When using JuiceFS, we have adopted several strategies to optimize data storage and management:
-
Separate Instance Architecture for Data Segregation and Consolidation: We prioritize a separate instance architecture that uses different metadata engines to accurately manage various data storage requirements. This approach reduces complexity and management challenges more than building large unified storage clusters. Considering the need for segregation of data among different customers and the challenges of data consolidation in different general-purpose scenarios, we assign data to separate instances based on their characteristics and usage. This not only facilitates quick access for specific domains such as experimental data, but also reduces the difficulty and cost of data recovery. In model training, the addition of redundant nodes and retry mechanisms help to quickly resume training and reduce the impact on the training cycle.
-
Dataset Versioning and IsolationWe manage data versions through a multi-layer directory structure and specific naming conventions to meet the challenges of frequent updates of product packaging in retail and other scenarios; and through a unified coding prefix management system to ensure that specific versions of the required dataset can be quickly located during model training or data reading; at the same time, we adopt the arrangement and combination of sub-nodes under the multi-layer directory to realize the efficient management of the versions of different datasets and the rapid Meanwhile, it adopts the arrangement and combination of sub-nodes under multi-layer catalog to realize the efficient management and fast combination of different dataset versions, which improves the flexibility and efficiency of data processing.
04 Future planning
Optimize the data warm-up process: Currently, our approach of mounting JuiceFS locally and copying the data to the local directory where the model is trained was identified as inefficient in the initial implementation. Given that JuiceFS already provides advanced features such as caching and prefetch, we plan to investigate and fully utilize these built-in features to enable intelligent caching of data to manage datasets more efficiently and improve data access speed.

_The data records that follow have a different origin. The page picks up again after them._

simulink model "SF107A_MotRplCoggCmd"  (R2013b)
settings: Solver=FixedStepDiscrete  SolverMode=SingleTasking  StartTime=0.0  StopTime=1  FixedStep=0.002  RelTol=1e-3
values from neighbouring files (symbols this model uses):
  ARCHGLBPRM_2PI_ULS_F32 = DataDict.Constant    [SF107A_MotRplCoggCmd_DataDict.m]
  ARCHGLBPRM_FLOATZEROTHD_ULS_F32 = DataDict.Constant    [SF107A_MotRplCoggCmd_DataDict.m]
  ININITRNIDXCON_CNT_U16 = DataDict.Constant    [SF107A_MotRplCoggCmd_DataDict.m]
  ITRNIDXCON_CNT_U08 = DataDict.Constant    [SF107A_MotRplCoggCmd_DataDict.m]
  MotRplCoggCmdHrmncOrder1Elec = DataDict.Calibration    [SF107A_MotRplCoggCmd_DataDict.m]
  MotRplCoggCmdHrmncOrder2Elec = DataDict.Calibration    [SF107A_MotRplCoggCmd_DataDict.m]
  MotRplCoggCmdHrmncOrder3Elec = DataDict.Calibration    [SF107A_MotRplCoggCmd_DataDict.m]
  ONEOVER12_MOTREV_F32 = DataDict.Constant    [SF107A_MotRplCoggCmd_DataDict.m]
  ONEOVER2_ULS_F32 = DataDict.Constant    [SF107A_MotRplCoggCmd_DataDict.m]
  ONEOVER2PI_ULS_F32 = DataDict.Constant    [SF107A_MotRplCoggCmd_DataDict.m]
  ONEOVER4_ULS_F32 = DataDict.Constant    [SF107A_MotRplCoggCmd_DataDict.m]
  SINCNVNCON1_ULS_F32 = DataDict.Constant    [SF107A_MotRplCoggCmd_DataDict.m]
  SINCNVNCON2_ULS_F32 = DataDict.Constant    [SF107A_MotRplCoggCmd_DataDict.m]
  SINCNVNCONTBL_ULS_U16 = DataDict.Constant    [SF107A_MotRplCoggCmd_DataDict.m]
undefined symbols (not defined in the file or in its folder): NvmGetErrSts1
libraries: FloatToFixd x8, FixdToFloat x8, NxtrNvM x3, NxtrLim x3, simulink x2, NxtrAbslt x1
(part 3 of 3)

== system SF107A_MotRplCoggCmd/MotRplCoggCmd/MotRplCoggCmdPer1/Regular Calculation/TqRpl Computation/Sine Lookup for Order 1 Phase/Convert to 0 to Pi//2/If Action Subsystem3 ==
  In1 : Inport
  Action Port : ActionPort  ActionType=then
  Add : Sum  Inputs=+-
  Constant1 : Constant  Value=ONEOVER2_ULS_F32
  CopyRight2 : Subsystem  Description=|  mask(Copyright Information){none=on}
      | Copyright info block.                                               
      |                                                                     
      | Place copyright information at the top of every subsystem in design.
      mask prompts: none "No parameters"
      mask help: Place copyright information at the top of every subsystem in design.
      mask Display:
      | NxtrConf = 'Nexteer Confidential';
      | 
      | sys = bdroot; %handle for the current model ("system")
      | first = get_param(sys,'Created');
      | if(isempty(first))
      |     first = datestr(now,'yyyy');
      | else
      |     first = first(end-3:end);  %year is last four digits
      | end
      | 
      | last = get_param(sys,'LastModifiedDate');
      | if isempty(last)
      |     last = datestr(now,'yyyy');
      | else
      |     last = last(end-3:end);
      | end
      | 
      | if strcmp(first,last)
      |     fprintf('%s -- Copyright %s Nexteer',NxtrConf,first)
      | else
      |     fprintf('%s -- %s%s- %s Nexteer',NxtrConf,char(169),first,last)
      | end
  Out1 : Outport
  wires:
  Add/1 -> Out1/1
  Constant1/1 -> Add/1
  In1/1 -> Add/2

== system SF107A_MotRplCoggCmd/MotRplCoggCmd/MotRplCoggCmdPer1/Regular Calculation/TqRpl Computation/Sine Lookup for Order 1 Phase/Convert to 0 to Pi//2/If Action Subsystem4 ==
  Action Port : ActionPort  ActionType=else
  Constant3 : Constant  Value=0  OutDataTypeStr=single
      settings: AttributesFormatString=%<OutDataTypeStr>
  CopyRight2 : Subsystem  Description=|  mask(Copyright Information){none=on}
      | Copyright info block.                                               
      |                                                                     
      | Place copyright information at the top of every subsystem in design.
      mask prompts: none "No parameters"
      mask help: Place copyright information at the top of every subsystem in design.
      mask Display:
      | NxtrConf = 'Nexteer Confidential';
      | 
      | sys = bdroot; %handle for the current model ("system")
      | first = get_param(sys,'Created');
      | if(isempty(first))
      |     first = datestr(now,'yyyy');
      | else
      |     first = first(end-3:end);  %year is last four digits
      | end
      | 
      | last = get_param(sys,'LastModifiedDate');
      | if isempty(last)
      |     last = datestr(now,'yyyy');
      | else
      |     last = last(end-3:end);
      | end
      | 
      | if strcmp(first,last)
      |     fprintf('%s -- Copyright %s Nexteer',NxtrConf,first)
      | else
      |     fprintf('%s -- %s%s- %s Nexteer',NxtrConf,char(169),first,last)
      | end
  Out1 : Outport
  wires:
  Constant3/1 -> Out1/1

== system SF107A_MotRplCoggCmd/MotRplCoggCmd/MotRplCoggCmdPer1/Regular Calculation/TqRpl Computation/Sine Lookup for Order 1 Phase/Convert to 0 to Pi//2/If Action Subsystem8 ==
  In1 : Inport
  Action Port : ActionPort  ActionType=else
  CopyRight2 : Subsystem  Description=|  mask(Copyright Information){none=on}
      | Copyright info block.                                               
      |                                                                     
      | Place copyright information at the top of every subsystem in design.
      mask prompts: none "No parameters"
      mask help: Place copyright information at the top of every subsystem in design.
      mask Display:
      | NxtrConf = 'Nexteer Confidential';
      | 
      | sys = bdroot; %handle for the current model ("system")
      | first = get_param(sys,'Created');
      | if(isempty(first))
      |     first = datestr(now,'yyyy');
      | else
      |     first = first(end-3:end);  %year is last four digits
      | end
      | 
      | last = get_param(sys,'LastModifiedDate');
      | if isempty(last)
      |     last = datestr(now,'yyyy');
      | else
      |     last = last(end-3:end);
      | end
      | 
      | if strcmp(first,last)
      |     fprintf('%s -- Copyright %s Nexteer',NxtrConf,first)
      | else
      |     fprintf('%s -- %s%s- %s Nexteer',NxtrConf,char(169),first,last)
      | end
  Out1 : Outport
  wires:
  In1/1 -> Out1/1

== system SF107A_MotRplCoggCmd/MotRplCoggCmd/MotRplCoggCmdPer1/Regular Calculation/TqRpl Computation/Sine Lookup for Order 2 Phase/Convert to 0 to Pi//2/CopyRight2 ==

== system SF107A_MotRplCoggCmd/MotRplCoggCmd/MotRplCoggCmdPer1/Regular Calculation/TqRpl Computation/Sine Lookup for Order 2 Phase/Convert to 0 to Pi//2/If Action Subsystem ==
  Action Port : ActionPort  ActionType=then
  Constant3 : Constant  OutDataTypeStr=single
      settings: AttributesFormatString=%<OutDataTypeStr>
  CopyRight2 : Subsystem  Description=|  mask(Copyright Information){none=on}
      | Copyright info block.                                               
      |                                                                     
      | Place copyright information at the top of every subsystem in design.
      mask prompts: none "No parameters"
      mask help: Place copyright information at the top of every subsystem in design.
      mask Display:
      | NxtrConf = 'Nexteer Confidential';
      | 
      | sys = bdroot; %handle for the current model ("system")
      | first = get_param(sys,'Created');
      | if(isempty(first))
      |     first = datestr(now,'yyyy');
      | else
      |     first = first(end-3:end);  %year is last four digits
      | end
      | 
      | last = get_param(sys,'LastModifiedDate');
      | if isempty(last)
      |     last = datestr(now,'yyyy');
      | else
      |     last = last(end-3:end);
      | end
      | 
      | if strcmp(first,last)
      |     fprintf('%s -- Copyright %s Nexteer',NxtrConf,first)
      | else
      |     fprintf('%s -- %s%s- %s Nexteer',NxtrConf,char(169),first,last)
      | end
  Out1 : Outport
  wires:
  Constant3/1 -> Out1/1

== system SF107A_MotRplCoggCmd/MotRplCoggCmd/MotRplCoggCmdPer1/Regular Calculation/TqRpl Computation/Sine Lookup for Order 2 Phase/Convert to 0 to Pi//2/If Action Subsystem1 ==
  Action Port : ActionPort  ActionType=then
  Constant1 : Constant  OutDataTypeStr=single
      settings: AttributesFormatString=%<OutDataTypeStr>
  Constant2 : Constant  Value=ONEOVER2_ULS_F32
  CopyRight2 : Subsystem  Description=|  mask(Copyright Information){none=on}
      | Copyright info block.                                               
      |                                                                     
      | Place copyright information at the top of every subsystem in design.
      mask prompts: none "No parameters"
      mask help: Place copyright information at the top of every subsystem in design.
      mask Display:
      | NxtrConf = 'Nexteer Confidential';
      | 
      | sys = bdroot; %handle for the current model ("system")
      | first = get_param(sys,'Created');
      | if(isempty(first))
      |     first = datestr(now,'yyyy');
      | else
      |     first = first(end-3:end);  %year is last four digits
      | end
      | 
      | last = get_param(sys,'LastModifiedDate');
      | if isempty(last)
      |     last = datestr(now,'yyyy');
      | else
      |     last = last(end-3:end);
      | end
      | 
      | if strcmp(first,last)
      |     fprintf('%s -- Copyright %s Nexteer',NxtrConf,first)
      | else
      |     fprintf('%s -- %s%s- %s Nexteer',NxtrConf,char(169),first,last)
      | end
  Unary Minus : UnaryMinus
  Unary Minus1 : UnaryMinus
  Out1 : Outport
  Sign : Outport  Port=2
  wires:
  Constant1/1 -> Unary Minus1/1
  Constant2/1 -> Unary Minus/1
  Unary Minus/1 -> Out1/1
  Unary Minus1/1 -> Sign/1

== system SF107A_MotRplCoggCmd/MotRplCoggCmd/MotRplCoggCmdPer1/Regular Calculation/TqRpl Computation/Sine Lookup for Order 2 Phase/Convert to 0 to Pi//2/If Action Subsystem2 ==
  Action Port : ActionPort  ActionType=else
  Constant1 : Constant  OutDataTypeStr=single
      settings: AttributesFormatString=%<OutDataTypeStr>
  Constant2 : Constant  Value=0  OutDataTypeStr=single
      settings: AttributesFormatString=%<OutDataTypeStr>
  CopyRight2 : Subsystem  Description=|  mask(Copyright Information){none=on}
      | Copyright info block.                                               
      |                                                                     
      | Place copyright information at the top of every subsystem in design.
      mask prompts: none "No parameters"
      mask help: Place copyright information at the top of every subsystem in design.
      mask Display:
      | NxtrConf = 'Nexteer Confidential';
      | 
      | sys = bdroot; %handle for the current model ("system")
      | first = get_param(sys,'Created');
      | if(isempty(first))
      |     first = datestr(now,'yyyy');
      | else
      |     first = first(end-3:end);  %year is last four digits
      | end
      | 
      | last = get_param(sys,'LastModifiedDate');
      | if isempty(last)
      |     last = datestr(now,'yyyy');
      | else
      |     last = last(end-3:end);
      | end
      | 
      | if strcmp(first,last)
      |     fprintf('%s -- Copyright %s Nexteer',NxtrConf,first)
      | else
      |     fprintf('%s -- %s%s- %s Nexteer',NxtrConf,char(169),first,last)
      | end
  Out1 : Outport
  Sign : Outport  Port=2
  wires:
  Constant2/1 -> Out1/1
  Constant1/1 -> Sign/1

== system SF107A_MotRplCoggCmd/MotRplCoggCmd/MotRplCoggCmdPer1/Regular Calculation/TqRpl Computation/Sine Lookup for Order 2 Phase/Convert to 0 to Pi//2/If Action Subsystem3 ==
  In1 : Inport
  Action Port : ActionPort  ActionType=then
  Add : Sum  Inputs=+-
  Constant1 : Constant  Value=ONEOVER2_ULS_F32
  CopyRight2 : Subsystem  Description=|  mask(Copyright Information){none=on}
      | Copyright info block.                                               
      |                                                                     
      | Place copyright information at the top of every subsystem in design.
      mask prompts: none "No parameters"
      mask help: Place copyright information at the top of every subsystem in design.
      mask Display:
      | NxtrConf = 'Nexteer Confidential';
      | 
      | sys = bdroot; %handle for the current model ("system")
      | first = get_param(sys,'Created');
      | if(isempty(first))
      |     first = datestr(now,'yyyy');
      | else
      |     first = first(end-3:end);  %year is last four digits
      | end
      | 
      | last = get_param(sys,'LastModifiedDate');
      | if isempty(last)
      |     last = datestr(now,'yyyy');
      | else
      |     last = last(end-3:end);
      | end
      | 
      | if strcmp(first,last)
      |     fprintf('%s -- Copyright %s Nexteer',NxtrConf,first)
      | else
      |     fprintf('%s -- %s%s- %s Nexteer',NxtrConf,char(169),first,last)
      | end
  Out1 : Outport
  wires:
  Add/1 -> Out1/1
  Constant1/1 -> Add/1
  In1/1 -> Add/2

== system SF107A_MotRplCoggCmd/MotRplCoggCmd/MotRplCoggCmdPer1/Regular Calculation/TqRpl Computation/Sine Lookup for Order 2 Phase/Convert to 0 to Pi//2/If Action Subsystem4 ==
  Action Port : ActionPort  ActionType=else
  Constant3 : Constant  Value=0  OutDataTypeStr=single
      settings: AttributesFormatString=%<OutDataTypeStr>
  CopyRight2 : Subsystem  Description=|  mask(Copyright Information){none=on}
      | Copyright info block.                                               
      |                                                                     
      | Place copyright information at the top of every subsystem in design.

Optimization of data access across geographies: In certain scenarios, we need to access data located in Europe that cannot be transferred outside of Europe due to data protection policy restrictions. However, temporary access is allowed. Currently, we respond to this need with an on-premise CDN solution in order to control costs and avoid using a stock CDN service that may not be economical. Going forward, we expect to be able to leverage JuiceFS's caching mechanisms to enable short-term data sharing and efficient access to further optimize the process of handling data across geographies.
Deploying Multiple JuiceFS InstancesWe will carry out in-depth tuning and optimization work. By fine-tuning configuration parameters, optimizing resource allocation, and monitoring performance, we aim to further improve the overall performance and stability of the system to ensure that JuiceFS can continue to efficiently support our business needs.